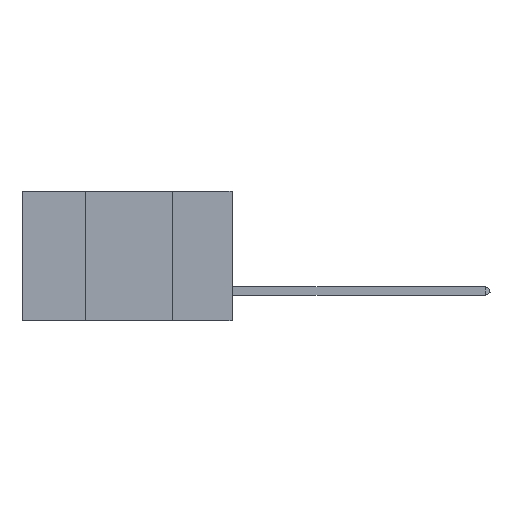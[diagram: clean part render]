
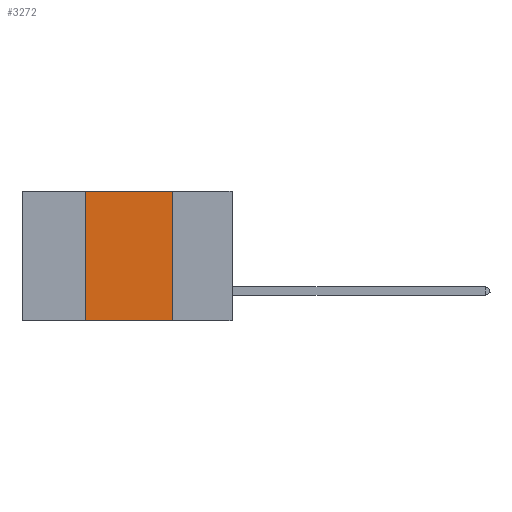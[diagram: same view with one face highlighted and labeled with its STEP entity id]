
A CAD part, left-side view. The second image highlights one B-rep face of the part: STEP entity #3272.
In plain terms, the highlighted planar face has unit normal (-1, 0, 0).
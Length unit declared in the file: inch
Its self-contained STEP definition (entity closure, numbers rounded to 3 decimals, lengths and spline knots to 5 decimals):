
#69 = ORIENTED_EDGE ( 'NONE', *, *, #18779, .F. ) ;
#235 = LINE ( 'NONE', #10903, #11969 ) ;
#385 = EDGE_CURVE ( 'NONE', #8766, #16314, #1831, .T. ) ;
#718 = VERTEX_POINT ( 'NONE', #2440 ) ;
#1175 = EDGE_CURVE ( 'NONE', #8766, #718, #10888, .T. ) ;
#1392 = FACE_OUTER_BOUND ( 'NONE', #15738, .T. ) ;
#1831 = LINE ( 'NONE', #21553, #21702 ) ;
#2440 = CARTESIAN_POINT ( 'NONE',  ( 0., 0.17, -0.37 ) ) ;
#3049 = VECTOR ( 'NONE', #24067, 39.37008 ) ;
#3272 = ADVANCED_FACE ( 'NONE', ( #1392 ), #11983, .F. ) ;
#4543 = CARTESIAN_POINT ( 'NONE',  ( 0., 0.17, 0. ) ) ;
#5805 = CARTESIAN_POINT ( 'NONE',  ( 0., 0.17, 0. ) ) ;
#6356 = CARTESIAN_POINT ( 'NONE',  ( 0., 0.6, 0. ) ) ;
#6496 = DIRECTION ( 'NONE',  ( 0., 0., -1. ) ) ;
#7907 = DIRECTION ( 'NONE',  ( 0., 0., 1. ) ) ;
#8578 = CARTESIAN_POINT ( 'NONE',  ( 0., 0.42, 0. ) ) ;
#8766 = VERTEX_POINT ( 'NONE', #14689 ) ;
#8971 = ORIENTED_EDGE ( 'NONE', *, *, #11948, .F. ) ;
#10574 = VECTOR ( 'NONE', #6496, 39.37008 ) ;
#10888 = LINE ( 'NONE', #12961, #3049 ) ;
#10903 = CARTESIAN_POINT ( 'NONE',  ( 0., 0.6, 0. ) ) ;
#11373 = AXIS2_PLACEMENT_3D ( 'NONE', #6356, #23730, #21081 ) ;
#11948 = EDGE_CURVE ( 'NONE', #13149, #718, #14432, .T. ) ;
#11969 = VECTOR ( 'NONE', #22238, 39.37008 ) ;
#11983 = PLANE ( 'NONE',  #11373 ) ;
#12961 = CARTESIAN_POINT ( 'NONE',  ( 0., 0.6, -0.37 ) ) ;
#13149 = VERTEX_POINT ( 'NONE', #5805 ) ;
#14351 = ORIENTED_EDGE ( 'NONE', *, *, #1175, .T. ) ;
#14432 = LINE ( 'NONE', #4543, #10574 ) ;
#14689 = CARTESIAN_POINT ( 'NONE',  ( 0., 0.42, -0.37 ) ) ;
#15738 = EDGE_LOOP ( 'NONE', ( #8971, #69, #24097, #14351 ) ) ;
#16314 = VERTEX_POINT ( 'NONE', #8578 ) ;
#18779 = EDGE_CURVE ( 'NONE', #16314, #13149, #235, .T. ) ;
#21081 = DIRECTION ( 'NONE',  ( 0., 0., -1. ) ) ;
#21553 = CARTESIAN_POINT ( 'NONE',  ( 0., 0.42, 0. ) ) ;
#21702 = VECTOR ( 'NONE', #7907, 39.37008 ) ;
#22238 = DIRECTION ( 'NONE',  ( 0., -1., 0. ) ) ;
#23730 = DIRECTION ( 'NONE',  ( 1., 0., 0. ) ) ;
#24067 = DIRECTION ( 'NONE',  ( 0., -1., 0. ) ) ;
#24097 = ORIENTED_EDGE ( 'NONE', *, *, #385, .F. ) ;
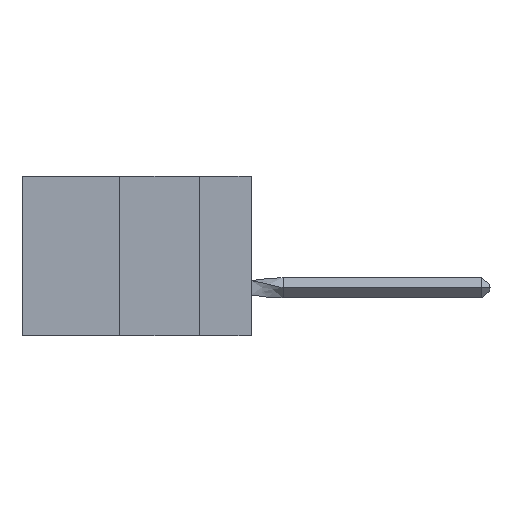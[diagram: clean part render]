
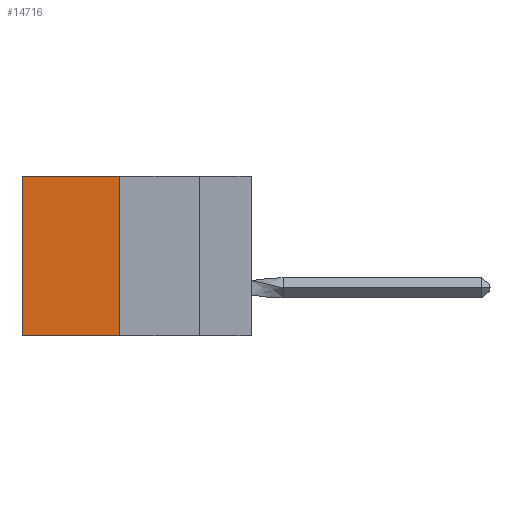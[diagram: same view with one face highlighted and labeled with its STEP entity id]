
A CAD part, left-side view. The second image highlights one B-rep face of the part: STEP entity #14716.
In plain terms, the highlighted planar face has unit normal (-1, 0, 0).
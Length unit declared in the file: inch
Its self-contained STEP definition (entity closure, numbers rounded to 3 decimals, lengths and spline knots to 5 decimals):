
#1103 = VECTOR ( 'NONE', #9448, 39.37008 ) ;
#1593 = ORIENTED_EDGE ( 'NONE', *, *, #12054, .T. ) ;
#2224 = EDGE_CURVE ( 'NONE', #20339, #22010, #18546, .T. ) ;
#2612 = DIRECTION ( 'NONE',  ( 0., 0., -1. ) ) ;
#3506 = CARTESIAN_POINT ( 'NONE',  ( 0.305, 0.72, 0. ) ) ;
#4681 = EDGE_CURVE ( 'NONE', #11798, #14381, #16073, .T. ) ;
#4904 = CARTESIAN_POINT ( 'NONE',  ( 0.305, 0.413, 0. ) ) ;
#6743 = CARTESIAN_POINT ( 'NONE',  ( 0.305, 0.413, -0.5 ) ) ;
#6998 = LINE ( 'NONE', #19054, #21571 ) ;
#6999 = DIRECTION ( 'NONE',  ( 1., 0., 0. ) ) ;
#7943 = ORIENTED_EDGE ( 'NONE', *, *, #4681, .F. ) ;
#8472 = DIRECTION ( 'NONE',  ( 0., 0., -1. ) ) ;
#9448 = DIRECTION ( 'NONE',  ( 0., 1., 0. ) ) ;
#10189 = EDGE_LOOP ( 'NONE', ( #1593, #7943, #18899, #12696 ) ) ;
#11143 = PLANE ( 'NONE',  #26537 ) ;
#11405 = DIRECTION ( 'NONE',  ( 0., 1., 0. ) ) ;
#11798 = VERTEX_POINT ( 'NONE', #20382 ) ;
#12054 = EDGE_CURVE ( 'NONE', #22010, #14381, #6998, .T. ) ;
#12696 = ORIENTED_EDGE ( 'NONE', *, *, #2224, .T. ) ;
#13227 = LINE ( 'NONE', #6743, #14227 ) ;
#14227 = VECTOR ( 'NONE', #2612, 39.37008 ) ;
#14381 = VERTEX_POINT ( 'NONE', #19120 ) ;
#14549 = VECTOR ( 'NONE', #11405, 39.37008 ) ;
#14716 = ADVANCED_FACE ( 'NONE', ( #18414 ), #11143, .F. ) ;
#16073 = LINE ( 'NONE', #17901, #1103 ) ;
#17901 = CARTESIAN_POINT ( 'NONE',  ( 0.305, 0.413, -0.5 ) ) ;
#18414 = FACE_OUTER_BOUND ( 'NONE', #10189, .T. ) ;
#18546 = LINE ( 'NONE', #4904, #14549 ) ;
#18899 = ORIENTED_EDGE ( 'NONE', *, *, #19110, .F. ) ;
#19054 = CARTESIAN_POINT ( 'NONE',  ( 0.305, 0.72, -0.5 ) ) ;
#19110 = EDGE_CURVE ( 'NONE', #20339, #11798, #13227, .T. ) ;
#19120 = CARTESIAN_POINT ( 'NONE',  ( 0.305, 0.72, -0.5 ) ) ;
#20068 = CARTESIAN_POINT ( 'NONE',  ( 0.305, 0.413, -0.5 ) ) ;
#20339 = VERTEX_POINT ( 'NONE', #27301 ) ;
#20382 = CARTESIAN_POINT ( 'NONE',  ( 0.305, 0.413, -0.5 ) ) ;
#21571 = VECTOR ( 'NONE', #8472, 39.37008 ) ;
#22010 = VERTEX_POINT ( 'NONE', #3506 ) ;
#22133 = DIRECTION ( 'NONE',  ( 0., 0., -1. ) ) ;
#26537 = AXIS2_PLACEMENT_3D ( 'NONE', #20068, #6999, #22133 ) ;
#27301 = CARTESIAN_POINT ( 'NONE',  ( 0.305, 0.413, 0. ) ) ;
---*---
* **EXERCISE REQUIREMENTS**:
Would you copy out exactly the lines above that start at the one containing "#8472 = DIRECTION" and end at the one containing "#11405 = DIRECTION", inclusive?

* **PROBLEM SOLUTION**:
#8472 = DIRECTION ( 'NONE',  ( 0., 0., -1. ) ) ;
#9448 = DIRECTION ( 'NONE',  ( 0., 1., 0. ) ) ;
#10189 = EDGE_LOOP ( 'NONE', ( #1593, #7943, #18899, #12696 ) ) ;
#11143 = PLANE ( 'NONE',  #26537 ) ;
#11405 = DIRECTION ( 'NONE',  ( 0., 1., 0. ) ) ;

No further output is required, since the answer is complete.